6 Players Who Are Unbelievably Still on NBA Payrolls
In the post-amnesty NBA, there are no more contract mulligans.
However, the stretch provision can help get bad—or unwanted—money off the books. If a team waives a player and triggers this mechanism by Aug. 31, his remaining salary is stretched over twice the number of years on his contract plus one.
The cap hit doesn't go away. But in some cases, it's easier to digest it through smaller amounts over a longer period of time. Of course, the flip side is the contracts are on the ledger more than twice as long as they would've been.
It's not quite a Bobby Bonilla Day situation, but you still wouldn't believe which blast-from-the-recent-past ballers still appear on 2019-20 NBA payrolls. To compile this list, we focused on signings you noted at the time but might since have either forgotten or assumed enough time had passed to wipe the slate clean.

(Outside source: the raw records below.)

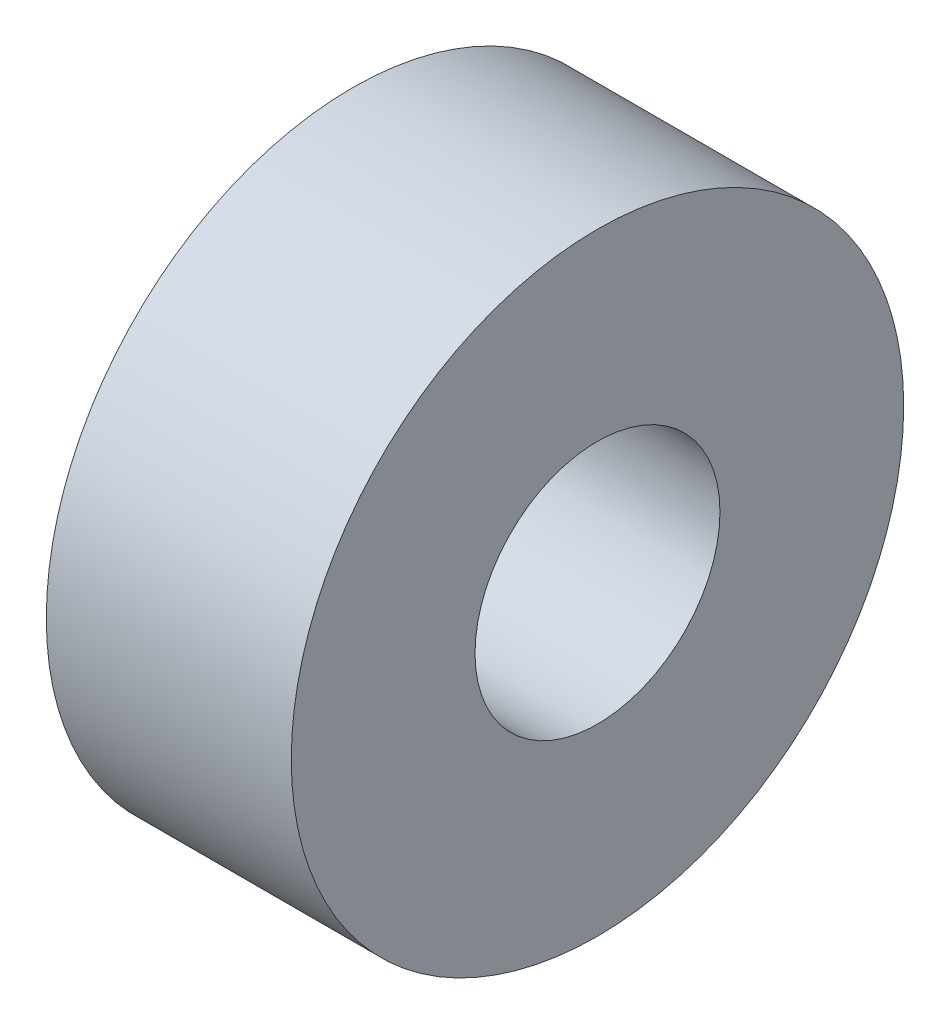
from build123d import *

# Parameters (mm, degrees)
SKETCH1_R           = 15.875
SKETCH1_R_2         = 6.35
BOSS_EXTRUDE1_DEPTH = 12.7


with BuildPart() as part:
    # Sketch1 → Boss-Extrude1 (new body)
    with BuildSketch(Plane(origin=(0, 0, 0), x_dir=(0, 0, -1), z_dir=(1, 0, 0))):
        Circle(SKETCH1_R)
        Circle(SKETCH1_R_2, mode=Mode.SUBTRACT)
    extrude(amount=BOSS_EXTRUDE1_DEPTH)


solid = part.part

Luol Deng (Los Angeles Lakers)
The summer of 2016 was defined by myriad brutal signings, but Deng's four-year, $72 million deal is among those cited most for its absurdity.
Even in a changing economy, the 31-year-old clearly wasn't worth that kind of coin. Plus, this was the Lakers' first summer without Kobe Bryant, and they were hoping it'd be a monstrous one. Kevin Durant topped the wishlist, but he didn't even grant them a meeting. So they made one of history's saddest pivots away from Durant and toward Deng and Timofey Mozgov.
Deng was out of the rotation by February of his first season and only appeared in the opener of his second. The Lakers waived him in Sept. 2018, meaning he'll pocket $5 million from them each of the next three seasons.
It's incredible he ever scored that contract. But given the market and the attention paid to his signing, it's unfortunately believable L.A. is still on the hook and will be for some time.
Andrew Nicholson (Portland Trail Blazers)
If your first thought regarding Nicholson is wondering who he is, then you already figured out why his deal didn't make the cut. It's tough to consider a contract as being unbelievably on the books if you weren't aware of its existence in the first place.
The 19th pick in 2012, Nicholson opened his career with four nondescript seasons on the Orlando Magic. Each ended with a negative box plus/minus and sub-replacement value. Yet somehow the Washington Wizards opted to sign him to a four-year, $26 million deal, which, admittedly, was pocket change by 2016 standards.
Before his first season on the new deal ended, so did his tenure in the District. The Wizards sent him packing to the Brooklyn Nets at the deadline—a swap most notable for netting Brooklyn the future first that later became Jarrett Allen—and the Nets then sent him to the Portland Trail Blazers in July 2017.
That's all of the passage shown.